8. The Result — Before and After

Prior to restructuring, the pipeline executed sequentially. Every push forced the runner to pull heavy database images, sequentially execute Playwright browser flows, and ping LLM APIs for DeepEval metrics. The total wall-clock time routinely exceeded 18 minutes, and the financial cost scaled linearly with every minor commit.

After implementing dependency staging, the pipeline behaves dynamically. Standard commits receive a fast feedback loop driven by parallel unit and integration tests, finalizing in under five minutes. End-to-end tests only block pull requests, completing in under eight minutes due to matrix sharding. Most importantly, API-intensive AI evaluations run strictly when prompt engineering files are modified, or during the deep nightly regression sweep. This architecture secures the code base without taxing developer velocity or the engineering budget.

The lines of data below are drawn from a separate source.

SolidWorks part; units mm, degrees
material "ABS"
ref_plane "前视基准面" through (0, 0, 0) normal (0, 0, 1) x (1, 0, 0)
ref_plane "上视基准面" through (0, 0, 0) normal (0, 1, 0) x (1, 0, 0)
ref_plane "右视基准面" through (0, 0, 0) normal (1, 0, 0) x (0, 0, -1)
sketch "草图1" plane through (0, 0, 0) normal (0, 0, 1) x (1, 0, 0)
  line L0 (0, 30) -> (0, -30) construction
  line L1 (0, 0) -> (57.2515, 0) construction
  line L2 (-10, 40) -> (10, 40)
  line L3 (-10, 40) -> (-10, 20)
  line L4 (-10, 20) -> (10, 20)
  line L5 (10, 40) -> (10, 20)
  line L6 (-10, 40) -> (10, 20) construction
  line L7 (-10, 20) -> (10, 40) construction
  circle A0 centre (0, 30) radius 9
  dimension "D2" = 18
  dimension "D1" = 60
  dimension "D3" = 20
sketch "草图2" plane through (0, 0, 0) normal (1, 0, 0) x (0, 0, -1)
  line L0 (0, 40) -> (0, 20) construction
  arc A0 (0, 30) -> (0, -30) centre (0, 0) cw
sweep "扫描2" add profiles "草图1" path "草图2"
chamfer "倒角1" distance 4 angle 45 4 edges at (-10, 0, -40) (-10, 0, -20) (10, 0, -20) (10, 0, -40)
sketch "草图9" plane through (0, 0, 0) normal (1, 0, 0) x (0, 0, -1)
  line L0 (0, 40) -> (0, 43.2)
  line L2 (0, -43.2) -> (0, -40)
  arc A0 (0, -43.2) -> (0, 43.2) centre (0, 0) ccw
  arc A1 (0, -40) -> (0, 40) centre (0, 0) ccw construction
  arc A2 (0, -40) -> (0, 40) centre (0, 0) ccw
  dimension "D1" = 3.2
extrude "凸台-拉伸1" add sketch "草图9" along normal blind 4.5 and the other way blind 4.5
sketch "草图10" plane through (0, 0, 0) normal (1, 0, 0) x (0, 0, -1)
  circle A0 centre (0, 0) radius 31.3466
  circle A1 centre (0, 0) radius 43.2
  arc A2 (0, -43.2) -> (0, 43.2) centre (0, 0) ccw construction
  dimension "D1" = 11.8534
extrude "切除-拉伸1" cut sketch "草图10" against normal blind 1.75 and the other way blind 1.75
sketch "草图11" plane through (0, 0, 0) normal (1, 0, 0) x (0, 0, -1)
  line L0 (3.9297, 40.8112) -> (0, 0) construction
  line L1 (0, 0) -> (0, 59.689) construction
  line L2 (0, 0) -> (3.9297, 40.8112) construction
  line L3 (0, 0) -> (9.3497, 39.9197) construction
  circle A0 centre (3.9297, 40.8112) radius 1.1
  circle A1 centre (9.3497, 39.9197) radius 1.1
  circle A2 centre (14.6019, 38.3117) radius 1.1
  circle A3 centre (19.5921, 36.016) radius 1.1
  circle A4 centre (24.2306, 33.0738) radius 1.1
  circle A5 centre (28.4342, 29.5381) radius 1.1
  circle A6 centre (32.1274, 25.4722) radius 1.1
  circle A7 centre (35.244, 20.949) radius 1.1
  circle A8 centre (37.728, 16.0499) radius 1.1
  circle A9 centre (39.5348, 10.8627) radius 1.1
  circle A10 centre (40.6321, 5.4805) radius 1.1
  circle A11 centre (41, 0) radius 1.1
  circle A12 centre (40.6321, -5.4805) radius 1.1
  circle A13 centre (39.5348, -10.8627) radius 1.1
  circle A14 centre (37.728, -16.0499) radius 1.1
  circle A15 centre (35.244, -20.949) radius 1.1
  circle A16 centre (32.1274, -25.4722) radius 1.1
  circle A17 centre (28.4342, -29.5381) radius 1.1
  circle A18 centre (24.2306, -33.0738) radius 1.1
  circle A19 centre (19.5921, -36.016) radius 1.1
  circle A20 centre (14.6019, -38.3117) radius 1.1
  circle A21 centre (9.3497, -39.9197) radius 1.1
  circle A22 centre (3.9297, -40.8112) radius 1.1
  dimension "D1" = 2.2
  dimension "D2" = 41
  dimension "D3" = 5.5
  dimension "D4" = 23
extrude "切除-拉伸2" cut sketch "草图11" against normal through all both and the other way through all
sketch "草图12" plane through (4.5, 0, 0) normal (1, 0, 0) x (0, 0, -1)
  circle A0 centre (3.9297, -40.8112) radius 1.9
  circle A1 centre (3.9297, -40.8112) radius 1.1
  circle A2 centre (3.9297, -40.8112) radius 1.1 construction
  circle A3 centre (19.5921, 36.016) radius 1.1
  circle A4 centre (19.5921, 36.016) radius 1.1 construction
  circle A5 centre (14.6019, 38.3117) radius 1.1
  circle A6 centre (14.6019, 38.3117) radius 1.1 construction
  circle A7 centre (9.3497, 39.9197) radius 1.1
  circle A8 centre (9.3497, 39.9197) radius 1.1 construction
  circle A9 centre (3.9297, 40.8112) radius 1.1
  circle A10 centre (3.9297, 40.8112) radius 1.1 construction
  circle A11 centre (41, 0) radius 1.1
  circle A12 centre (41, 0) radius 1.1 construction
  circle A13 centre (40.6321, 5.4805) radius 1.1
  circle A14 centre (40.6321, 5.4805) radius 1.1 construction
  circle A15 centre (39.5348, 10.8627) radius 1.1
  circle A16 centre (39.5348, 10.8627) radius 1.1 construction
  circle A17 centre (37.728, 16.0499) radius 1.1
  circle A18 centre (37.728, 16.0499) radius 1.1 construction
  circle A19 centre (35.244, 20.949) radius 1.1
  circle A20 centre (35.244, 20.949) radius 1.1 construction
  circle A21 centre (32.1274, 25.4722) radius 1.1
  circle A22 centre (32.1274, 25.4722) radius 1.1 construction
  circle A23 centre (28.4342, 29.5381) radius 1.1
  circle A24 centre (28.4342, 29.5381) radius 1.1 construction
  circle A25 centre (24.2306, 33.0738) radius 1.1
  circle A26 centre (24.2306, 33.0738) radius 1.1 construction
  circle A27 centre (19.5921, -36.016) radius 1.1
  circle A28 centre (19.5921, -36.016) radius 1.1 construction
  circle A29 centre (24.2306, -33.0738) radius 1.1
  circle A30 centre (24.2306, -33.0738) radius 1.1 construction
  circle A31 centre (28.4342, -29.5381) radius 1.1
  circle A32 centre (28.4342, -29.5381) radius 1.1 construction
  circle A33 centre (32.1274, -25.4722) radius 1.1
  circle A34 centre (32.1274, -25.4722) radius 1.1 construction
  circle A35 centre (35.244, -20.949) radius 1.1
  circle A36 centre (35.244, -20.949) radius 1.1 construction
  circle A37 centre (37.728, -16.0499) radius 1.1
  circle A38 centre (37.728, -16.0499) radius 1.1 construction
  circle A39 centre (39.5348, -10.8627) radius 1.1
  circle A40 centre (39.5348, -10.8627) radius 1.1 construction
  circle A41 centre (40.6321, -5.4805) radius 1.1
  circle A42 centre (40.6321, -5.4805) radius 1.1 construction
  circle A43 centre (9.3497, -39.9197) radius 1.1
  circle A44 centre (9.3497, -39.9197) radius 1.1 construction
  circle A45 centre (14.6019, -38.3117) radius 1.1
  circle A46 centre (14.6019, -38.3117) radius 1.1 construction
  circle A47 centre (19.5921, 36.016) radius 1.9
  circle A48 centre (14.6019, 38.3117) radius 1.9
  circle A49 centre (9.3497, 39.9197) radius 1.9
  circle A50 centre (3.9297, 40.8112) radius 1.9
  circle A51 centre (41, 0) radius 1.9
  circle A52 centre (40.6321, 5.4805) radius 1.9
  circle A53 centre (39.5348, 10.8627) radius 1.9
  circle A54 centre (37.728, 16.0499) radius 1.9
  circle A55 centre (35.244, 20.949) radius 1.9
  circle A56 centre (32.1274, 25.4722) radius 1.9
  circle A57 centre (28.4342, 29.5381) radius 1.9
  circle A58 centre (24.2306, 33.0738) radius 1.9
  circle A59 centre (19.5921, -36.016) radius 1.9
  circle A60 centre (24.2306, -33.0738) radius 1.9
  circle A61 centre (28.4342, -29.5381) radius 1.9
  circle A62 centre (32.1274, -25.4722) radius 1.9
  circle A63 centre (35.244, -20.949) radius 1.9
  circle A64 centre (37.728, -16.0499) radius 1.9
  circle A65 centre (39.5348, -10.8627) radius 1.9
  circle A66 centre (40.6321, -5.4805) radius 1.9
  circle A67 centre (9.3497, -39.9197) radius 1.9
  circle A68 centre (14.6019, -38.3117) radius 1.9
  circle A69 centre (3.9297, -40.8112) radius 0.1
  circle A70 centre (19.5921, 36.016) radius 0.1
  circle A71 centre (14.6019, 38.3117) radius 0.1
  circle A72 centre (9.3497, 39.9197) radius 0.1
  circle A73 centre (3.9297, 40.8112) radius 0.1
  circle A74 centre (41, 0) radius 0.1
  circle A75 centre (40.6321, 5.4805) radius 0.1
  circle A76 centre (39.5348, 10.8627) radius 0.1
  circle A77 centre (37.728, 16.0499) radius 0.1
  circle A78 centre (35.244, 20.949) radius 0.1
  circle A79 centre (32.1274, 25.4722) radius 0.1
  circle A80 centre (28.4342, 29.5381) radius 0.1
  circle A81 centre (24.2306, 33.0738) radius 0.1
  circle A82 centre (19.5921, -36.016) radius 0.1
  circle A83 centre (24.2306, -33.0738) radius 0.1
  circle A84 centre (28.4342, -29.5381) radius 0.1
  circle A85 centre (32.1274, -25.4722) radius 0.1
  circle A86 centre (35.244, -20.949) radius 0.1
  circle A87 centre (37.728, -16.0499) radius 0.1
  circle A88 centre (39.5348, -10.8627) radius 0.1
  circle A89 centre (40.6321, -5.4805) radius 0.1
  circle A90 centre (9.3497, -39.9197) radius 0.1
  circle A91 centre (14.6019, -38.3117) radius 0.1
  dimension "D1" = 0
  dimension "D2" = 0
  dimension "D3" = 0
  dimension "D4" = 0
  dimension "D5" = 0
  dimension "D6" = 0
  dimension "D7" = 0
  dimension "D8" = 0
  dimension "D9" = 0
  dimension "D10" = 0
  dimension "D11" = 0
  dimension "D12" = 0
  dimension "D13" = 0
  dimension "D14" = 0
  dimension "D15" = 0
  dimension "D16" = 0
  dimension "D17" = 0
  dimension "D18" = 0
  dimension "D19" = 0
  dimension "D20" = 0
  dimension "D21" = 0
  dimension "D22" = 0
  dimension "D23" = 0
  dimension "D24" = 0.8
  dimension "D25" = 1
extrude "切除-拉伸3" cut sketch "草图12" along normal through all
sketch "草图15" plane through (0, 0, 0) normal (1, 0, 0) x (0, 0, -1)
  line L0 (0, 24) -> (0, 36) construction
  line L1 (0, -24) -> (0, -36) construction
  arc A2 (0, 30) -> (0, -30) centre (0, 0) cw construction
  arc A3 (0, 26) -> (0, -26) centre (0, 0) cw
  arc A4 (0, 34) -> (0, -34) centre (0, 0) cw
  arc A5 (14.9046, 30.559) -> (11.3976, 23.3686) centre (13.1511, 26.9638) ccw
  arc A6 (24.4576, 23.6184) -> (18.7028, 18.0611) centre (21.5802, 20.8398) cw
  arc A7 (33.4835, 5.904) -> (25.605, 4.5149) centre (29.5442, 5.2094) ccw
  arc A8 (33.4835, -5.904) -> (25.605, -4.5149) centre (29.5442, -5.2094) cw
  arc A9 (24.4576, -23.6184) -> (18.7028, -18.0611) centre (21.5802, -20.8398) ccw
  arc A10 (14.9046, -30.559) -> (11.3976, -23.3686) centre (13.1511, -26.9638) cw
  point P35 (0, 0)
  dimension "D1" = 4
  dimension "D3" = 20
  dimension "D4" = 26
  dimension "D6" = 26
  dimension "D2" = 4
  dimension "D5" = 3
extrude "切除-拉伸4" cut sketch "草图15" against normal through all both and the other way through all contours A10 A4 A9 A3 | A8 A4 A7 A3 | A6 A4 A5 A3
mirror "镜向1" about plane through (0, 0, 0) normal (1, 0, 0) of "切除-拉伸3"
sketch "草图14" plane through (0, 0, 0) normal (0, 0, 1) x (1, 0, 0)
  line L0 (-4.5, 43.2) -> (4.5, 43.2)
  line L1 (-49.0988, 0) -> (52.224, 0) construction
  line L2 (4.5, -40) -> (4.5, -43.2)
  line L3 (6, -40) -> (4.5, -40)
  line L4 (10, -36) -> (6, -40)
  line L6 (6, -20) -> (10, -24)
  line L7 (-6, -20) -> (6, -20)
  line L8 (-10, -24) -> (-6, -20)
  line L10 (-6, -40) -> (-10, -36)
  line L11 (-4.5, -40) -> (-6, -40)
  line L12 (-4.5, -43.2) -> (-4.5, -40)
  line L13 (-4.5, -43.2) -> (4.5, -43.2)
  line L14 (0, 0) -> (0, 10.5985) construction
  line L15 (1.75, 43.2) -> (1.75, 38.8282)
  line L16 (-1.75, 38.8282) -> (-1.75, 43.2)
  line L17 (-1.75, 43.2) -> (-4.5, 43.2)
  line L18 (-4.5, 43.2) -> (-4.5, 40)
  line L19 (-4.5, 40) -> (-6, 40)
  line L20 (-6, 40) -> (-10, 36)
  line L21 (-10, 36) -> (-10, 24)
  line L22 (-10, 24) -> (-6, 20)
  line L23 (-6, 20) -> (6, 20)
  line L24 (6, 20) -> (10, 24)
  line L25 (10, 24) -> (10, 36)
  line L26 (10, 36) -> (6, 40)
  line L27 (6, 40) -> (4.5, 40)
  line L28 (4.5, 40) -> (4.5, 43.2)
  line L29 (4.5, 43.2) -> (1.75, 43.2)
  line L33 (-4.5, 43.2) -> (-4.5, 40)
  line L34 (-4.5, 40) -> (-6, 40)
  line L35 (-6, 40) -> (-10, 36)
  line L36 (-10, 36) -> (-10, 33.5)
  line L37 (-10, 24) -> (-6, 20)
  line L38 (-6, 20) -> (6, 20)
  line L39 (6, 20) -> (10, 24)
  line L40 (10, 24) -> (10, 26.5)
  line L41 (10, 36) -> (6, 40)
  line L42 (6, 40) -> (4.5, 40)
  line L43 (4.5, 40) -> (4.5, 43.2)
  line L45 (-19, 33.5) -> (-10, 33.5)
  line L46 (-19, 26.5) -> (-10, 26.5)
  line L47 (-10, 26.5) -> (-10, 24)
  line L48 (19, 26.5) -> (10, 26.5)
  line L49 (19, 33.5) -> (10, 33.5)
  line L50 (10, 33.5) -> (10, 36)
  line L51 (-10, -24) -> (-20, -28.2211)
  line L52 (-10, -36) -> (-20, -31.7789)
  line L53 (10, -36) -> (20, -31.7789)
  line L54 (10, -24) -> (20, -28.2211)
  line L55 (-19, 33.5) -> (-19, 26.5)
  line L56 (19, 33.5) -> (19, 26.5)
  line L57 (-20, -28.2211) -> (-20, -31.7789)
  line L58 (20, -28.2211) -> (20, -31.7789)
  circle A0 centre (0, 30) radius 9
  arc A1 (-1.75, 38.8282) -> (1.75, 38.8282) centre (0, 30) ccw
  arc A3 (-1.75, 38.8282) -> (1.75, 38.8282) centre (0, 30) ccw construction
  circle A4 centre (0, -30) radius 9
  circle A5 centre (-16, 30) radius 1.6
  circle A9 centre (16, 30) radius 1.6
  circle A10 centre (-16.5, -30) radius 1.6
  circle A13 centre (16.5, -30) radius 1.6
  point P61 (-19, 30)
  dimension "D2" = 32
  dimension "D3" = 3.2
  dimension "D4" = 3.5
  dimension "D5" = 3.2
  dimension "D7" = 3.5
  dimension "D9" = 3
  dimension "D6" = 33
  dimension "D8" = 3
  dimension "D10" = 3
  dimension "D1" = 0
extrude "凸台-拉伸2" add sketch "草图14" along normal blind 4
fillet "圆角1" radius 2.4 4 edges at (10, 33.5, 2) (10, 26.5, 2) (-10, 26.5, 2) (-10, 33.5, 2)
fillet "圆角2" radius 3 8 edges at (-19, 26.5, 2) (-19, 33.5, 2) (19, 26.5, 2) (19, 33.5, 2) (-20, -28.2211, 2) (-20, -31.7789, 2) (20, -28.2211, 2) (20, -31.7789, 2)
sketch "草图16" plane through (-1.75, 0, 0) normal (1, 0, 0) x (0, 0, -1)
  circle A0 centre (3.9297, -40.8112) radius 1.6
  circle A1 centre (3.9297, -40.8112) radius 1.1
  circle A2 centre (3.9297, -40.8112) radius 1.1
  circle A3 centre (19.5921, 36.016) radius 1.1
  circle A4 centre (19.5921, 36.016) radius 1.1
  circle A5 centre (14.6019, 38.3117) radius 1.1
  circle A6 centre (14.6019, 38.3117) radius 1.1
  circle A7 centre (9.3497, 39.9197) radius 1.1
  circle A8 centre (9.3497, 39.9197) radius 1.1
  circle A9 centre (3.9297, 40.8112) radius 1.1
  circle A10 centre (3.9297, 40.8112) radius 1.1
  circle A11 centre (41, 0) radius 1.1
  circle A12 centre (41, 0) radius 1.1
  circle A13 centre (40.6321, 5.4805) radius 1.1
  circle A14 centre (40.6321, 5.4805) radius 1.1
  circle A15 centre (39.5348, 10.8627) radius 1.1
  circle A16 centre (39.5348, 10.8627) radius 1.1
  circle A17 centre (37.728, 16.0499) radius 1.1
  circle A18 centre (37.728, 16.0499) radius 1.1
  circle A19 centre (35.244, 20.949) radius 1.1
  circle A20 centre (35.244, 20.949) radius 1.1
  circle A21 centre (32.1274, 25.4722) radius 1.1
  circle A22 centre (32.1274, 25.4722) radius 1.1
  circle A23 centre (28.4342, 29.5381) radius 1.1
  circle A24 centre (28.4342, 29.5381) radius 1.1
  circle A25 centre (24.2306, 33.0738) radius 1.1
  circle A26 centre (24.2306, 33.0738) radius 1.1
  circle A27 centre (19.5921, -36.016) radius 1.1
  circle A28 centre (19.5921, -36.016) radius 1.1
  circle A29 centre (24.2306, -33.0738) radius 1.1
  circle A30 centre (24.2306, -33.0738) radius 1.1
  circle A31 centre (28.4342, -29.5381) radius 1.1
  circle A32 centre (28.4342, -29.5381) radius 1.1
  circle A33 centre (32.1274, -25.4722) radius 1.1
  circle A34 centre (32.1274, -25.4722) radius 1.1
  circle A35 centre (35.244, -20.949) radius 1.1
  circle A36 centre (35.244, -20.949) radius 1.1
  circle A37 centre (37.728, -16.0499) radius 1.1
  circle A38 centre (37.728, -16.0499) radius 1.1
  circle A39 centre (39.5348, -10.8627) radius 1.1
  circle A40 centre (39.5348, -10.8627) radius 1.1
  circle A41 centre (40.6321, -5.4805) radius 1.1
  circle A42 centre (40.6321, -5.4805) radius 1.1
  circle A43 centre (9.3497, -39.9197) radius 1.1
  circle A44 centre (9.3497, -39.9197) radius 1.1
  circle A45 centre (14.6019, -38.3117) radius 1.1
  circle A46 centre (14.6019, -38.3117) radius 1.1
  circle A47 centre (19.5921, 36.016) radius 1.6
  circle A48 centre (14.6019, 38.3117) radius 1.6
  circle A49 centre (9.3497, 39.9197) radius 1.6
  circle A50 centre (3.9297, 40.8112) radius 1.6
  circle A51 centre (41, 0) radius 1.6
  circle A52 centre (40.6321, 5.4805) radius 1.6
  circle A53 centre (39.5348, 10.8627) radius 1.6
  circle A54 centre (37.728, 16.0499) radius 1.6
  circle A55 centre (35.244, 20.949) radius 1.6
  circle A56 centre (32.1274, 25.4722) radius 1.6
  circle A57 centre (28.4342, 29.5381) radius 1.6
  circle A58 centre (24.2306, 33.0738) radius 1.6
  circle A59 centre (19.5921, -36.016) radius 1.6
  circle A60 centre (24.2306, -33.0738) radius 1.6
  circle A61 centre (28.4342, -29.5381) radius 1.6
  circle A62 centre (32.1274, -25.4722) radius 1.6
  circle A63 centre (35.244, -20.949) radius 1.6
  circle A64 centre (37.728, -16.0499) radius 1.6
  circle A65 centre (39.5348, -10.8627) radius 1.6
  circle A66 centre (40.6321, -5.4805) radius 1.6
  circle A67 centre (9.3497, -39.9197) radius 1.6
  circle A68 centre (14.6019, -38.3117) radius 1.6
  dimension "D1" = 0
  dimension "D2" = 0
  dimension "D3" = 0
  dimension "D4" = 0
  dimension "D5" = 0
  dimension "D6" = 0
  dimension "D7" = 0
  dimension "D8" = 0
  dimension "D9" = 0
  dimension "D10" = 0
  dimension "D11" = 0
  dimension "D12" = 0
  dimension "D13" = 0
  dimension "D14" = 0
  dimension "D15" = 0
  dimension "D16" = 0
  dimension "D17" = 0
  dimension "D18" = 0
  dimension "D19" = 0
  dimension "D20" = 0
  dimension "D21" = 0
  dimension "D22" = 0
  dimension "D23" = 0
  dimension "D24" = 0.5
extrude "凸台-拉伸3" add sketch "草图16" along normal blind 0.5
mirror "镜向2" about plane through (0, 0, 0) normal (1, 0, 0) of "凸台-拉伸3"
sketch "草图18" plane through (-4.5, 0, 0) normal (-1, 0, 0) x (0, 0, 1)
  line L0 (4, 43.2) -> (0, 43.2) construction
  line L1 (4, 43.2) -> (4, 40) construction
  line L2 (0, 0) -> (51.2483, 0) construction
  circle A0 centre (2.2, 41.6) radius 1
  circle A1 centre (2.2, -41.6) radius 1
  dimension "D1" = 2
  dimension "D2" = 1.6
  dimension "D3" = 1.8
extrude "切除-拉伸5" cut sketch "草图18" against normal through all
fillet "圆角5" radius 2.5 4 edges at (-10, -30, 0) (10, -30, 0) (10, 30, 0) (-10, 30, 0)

Pro Tip: Test Your Pipeline Locally with act Designing an intricate pipeline usually involves a lot of trial and error. To avoid trashing your Git commit history with endless "fix yaml" commits, use act. act is an open-source CLI tool by nektos that runs GitHub Actions workflows locally using Docker. You run act in your repository root, and it simulates the exact GitHub Actions environment, allowing you to debug path filters and needs dependencies locally. You can install it with brew install act or from the GitHub releases page.


8. Closing

A CI pipeline is not an instruction to run everything always. It is a deliberate architecture decision regarding what feedback you need, how fast you need it, and at what cost. Whether you use Pytest, Vitest, Playwright, or DeepEval, the frameworks themselves do not dictate pipeline efficiency. The staging logic between them does.